Nancy Zieman has never kept any secrets about her facial paralysis — after all, it's right there when she is on TV every Saturday morning.

But the host of public television's "Sewing With Nancy" and founder of a Beaver Dam company, Nancy's Notions, got a bit of a jolt recently when she searched for herself online to look for a photo.

"About the third one down said, ‘Nancy Zieman's face,' and it was kind of like someone punching you in the stomach," she said. "I thought, ‘OK, it's time.'"

On Saturday, part of Zieman's show that airs on Wisconsin Public Television is dedicated to talking about the Bell's palsy that struck when she was a toddler and left the right side of her face paralyzed.

Instead of leaving the topic to people in chat rooms who wonder if she had a car accident or a stroke, Zieman discusses it and similar health issues with Dr. Justin Sattin, medical director of UW Health's Comprehensive Stroke Program.

Bell's palsy is the result of swelling or inflammation of the nerve that controls facial muscles. Half of the face can droop; a smile becomes, literally, a half smile. For most, it is a temporary condition and is often treated with steroids.

Zieman was told her facial paralysis resulted from an ear infection.

Zieman, who lives in Beaver Dam, first appeared on cable in 1982, making her show the longest-running sewing show on television. Her program first ran nationally on the Satellite Program Network. At the time, cable viewership wasn't that vast, but she still had concerns about being on TV.

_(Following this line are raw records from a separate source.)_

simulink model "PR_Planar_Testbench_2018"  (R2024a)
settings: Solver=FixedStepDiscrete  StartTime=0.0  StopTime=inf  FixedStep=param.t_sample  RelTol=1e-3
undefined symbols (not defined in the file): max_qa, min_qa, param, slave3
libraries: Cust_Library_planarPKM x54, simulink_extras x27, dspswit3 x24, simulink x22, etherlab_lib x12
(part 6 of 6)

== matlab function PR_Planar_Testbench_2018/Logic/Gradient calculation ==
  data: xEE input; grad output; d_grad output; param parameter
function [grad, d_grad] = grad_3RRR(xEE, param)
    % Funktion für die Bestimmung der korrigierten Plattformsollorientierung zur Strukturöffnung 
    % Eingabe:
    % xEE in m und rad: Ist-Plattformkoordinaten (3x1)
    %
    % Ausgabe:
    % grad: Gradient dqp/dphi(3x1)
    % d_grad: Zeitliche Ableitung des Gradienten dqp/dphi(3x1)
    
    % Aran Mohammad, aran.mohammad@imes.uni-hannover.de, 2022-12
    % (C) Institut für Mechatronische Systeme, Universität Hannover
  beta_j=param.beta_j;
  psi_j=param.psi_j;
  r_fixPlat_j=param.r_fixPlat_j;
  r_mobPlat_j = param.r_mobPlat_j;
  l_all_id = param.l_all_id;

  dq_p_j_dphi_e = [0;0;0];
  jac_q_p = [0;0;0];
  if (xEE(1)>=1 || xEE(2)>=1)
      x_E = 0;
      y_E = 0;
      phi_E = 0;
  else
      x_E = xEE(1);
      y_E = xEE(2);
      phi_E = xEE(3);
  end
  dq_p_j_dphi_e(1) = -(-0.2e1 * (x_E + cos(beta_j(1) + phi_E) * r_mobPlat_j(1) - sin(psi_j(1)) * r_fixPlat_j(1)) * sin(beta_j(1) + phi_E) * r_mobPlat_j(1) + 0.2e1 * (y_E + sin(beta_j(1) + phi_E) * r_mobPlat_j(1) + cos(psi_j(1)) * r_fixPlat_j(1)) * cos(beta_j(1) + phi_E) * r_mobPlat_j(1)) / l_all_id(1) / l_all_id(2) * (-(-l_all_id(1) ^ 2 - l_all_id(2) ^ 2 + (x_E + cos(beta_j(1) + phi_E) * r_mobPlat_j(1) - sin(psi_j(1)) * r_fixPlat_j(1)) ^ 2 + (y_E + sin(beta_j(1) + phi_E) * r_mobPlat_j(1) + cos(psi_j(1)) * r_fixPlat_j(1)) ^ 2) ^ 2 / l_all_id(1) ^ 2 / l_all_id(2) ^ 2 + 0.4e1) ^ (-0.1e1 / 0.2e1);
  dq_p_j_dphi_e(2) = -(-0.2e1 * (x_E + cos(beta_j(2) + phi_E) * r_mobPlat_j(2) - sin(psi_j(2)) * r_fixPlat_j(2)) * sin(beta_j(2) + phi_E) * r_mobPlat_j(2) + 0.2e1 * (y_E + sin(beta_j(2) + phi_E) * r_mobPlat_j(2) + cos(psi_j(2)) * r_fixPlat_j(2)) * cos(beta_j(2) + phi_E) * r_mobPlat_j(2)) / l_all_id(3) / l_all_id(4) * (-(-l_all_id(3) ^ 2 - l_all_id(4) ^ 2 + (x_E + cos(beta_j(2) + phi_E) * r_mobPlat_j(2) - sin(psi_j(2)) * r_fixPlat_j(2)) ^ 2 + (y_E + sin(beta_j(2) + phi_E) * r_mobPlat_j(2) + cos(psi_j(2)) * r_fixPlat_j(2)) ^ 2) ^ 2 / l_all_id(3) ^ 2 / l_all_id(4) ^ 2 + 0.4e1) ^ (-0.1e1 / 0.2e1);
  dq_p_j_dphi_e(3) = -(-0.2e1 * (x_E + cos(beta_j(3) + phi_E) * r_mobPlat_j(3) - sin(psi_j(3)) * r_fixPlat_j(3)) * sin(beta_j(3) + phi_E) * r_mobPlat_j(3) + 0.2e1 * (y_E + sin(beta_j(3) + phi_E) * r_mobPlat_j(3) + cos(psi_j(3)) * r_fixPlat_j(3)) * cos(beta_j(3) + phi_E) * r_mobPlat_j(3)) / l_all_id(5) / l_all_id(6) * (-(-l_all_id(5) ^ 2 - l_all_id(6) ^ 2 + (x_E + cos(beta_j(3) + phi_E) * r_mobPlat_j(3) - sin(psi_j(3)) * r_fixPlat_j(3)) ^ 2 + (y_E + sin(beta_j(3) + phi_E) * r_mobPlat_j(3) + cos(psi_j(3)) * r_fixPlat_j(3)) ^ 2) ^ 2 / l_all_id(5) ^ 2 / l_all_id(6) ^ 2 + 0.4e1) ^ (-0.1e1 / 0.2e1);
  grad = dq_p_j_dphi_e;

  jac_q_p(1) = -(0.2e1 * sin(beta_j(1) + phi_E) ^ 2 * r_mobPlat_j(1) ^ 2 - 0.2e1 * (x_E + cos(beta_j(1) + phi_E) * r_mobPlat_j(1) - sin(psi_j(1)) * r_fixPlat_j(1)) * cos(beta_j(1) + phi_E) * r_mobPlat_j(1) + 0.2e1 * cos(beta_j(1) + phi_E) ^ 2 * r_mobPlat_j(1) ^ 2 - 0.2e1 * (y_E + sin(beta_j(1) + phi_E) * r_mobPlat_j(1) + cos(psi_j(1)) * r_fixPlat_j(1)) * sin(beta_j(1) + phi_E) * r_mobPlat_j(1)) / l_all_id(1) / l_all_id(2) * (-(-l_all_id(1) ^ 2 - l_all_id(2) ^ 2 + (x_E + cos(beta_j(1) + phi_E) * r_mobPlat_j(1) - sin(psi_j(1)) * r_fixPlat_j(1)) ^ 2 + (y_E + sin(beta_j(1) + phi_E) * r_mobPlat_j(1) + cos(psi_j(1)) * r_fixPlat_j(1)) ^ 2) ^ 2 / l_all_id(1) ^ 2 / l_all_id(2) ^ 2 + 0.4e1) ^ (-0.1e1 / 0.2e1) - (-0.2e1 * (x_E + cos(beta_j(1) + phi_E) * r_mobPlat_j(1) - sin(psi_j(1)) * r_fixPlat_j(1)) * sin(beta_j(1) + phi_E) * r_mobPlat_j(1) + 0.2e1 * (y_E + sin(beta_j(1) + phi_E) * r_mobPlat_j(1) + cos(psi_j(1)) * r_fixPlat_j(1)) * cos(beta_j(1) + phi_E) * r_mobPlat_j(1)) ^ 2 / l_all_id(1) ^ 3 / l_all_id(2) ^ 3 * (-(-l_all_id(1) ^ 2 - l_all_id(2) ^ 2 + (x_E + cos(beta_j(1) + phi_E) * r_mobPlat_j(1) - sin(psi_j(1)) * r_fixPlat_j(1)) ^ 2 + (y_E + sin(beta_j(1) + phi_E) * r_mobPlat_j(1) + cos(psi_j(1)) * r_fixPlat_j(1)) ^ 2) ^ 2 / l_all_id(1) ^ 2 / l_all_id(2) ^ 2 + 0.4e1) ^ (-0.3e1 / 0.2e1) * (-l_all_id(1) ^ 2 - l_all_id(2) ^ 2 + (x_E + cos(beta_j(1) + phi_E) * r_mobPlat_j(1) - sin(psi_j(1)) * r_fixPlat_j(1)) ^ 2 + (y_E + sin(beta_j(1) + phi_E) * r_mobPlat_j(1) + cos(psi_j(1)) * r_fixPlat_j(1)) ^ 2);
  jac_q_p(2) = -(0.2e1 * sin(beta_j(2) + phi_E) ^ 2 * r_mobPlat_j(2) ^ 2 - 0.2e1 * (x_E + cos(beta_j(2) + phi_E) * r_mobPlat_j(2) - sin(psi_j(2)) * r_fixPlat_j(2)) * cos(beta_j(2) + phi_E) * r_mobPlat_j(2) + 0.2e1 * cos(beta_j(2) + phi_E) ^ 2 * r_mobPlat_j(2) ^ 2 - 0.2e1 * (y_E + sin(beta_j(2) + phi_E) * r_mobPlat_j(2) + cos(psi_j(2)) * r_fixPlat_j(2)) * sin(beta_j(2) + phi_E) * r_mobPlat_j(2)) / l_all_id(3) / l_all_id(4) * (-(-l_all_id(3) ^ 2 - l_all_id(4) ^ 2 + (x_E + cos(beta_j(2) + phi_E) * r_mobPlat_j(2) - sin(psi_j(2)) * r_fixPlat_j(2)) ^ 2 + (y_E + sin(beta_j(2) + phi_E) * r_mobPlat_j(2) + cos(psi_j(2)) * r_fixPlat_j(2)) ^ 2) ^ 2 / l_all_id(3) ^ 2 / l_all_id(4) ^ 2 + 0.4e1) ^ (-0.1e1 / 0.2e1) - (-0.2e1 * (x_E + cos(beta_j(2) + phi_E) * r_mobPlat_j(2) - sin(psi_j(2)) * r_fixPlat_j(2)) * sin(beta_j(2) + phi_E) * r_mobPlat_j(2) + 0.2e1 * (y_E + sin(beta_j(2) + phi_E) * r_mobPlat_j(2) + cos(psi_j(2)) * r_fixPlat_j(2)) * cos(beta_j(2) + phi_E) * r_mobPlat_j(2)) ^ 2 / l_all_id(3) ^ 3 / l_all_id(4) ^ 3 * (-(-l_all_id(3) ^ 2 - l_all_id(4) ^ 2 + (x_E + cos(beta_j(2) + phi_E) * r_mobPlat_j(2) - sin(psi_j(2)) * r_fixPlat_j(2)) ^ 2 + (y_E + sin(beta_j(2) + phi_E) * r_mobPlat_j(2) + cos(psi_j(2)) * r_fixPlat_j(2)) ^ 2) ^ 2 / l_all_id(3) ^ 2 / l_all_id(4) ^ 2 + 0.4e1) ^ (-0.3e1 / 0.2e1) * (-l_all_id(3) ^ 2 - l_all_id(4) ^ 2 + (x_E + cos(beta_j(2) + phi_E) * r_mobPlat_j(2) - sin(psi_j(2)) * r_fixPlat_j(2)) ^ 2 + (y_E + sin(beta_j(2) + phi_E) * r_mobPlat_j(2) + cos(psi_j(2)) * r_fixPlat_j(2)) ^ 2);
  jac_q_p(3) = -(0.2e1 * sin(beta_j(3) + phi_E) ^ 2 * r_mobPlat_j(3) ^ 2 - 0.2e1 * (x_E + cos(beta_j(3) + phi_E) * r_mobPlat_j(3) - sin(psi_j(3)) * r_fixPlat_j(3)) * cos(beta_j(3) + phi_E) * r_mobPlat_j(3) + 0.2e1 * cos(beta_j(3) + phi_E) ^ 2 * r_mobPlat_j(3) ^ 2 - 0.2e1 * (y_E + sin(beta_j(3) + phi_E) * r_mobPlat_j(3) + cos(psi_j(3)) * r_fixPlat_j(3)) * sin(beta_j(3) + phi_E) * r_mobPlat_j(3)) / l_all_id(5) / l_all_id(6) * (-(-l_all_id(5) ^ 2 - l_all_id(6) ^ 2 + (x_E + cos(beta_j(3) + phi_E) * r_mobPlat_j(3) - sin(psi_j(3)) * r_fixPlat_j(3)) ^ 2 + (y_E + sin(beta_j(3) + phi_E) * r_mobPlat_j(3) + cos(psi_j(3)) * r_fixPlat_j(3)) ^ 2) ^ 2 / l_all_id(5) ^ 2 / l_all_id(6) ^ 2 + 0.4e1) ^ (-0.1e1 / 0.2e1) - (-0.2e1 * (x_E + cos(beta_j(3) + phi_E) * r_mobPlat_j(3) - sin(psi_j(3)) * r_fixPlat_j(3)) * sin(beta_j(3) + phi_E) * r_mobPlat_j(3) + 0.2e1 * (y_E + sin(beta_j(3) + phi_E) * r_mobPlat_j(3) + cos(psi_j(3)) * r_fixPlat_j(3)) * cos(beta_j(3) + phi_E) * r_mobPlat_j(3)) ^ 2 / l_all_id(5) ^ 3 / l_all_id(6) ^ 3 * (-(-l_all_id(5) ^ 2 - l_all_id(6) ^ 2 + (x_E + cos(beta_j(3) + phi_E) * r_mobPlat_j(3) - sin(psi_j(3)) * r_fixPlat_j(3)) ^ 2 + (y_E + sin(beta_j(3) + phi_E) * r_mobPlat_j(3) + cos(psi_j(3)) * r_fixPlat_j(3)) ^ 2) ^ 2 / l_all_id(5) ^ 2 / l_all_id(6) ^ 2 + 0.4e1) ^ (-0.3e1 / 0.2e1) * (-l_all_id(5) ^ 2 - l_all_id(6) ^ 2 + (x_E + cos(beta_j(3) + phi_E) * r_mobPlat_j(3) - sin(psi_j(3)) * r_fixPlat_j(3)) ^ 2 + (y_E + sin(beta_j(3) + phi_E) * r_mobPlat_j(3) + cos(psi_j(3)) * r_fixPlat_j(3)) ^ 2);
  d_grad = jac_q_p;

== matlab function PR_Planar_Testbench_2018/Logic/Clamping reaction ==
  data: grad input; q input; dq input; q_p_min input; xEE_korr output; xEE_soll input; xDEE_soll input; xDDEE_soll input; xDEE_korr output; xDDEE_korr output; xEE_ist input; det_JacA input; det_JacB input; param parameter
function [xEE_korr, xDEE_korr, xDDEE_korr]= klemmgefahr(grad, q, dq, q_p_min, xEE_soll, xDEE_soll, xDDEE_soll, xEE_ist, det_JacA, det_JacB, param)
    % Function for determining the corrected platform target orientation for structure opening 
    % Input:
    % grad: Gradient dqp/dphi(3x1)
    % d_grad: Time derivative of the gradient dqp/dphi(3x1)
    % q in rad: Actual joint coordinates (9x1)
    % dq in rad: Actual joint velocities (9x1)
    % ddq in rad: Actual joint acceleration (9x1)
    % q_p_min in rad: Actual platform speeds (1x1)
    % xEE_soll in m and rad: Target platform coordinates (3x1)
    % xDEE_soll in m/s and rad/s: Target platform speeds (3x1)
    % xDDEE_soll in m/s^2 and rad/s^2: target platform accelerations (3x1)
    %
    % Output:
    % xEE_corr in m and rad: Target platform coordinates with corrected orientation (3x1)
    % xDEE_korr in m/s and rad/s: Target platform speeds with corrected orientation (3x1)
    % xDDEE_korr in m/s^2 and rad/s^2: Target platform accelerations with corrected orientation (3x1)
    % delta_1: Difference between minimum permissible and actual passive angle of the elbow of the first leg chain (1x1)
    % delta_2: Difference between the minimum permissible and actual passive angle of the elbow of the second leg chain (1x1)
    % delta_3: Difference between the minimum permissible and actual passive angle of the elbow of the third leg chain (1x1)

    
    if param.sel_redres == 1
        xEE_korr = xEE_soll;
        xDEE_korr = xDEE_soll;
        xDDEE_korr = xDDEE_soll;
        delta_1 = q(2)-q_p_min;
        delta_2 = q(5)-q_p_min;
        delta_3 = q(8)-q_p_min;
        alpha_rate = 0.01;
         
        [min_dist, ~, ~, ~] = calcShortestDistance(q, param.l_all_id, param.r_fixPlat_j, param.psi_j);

"I didn't want to crack a smile or do anything that would show my handicap," she said. "But then I realized people were not tuning in to look at me, they were tuning in to learn."

Three years later, Nebraska Public Television wanted to air her program. It was the foot in the door to the public television audience she had wanted. Now it is co-produced by Zieman and Wisconsin Public Television and seen in 89 percent of the nation's public television markets.

Zieman has discussed her facial paralysis in public talks and in books, but never on her program. Saturday's episode has already aired in some markets, and Zieman has received e-mails of support from viewers.

"One said she never noticed," Zieman said. "I thought that was kind of unusual."

Zieman sold Nancy's Notions to the Tacony Corp. in 2003 but stays on as a spokeswoman for the company that sells sewing, quilting and embroidery supplies.